Numero 17 - La salute intellettuale

Paolo Pontiggia
oncologo, docente dell'Università di Pavia

L'IMMUNITÀ PER LA QUALITÀ DELLA VITA

In occasione del nostro appuntamento precedente a Bologna (il convegno Il cuore. Novità nella ricerca e nella cura, 23 novembre 2002), avevamo parlato di una metodica, la terapia chelante, utilizzata a scopo terapeutico nelle malattie del cuore e nelle malattie dei vasi. Allora, avevamo chiara l’idea di quello che si doveva fare, ma non avevamo altrettanto chiari i meccanismi applicativi e, sopra tutto, non avevamo un’esperienza diretta che ci consentisse di dare giudizi. Ora si possono trarre le prime conclusioni del lavoro svolto. Poiché mi occupo prevalentemente di tumori, solitamente in fase avanzata, e al mio Centro arrivano persone che hanno già tentato altre strade terapeutiche, per me è particolarmente spontaneo pensare che la vera terapia, nella cura dei tumori, sia la prevenzione, non la cura farmacologica o quella radiante. Indagando la prevenzione, ci siamo resi conto che, stranamente, esistono aspetti di base comuni a differenti malattie. Problema centrale è la reattività immunitaria del soggetto. Ciascuno ha una propria reattività immunitaria senza cui, nel caso dei tumori, delle malattie virali e di tante altre patologie, non c’è terapia che possa dare risultati.

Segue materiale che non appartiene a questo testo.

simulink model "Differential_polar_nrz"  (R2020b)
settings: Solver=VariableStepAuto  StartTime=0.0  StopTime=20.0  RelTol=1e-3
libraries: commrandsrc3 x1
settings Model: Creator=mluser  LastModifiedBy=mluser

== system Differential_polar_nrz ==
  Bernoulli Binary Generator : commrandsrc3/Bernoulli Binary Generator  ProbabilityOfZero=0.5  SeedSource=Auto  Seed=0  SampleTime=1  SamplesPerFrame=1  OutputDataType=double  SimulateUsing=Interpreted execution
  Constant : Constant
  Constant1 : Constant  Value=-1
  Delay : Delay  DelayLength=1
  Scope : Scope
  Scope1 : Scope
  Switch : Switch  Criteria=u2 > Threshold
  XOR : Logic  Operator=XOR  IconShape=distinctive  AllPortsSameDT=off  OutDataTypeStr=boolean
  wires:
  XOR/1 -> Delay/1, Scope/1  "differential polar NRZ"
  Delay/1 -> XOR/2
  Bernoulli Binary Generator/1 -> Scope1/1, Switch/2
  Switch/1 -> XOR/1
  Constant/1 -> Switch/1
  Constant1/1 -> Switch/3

Esaminiamo il particolare processo dell’immunità: alla nascita, abbiamo un’immunità estremamente debole, quel poco d’immunità, umorale, che abbiamo deriva dagli anticorpi materni. È presente alla nascita anche una cosiddetta immunità tissutale ma l’immunità che deriva dalla produzione di anticorpi incomincia solo dopo la nascita e si sviluppa man mano, con lo sviluppo dell’organismo, con le malattie e le vaccinazioni. Il sistema immune diventa sempre più efficace fino all’età di quarant’anni. Dopo tale età si ha un fenomeno di discesa, con un impoverimento progressivo delle nostre capacità immunitarie. Come se fossimo programmati per la vita nei primi quarant’anni e per la morte nei secondi quaranta, o nei secondi ottanta, se vogliamo andare avanti nel tempo. Ci chiediamo se, attualmente, possiamo intervenire in questa direzione, cioè se possiamo fare qualcosa per rallentare questo degrado immunitario. Contemporaneamente, vediamo che attorno ai quarant’anni la curva d’incidenza dei tumori s’innalza: abbiamo tumori alla nascita, congeniti, tumori infantili, quando l’immunità è ancora scarsa, poi tumori dell’età adulta, in cui i tumori si sviluppano con difficoltà, e dopo i quarant’anni inizia una progressiva incidenza dei tumori. Parlo dei tumori della mammella, dei polmoni, dello stomaco, della prostata nell’uomo, con un’incidenza che diviene elevatissima quando arriviamo a quarant’anni. Ciò vuol dire che possiamo fare prevenzione seria in campo oncologico se proteggiamo il sistema immune e se adottiamo quelle misure adatte a diminuire l’incidenza dei tumori: l’80% dei tumori è passibile di prevenzione. Stili di vita, abitudini alimentari, abitudini sessuali, fumo e inquinamento atmosferico sono fattori che incidono sulla crescita del tumore.

Riguardo al tema dell’invecchiamento, è evidente che non si può fare prevenzione dell’invecchiamento stesso, che ritengo inevitabile, ma possiamo diminuirne drasticamente i sintomi e le complicanze. Con interventi opportuni, possiamo ottenere una qualità di vita nettamente superiore per i nostri anziani, ma bisogna incominciare a quaranta o cinquant’anni, non a ottanta. A questo punto, però, ci scontriamo con una mentalità fatalistica tipica dell’italiano, che pensa alle vacanze o ad altre occasioni di divertimento e non si preoccupa di quello che succederà poi, nel campo della salute: occorre cercare di educarlo. Le patologie legate all’invecchiamento sono sopra tutto i tumori, le malattie cardiovascolari e la malnutrizione dell’anziano intesa non soltanto in senso quantitativo – per cui l’anziano tende a mangiare meno perché ha la dentatura in disordine, digerisce male e ha una limitazione progressiva delle sue esigenze alimentari –, ma malnutrizione come cattivo equilibrio tra gli alimenti assunti. Poi ci sono le malattie degenerative tipiche della vecchiaia, come quelle neurologiche, essenzialmente l’Alzheimer, una tra le più diffuse e più temute, perché ha obiettive difficoltà di cura, quelle osteoarticolari, come le artrosi e le osteoporosi, quelle sensoriali, che colpiscono la vista, l’udito, l’olfatto, il gusto che, progressivamente, s’impoveriscono: tutte situazioni che si possono, comunque, in parte, prevenire. Alla base di tutto questo ci sono tre fattori principali: l’età anagrafica, il sistema immunitario – che declina spontaneamente, lentamente o in maniera accelerata, a seconda di come ci si è comportati – e il sistema cardiovascolare, con la degenerazione dei tessuti dei vasi, del cuore e periferici, arterie e vene.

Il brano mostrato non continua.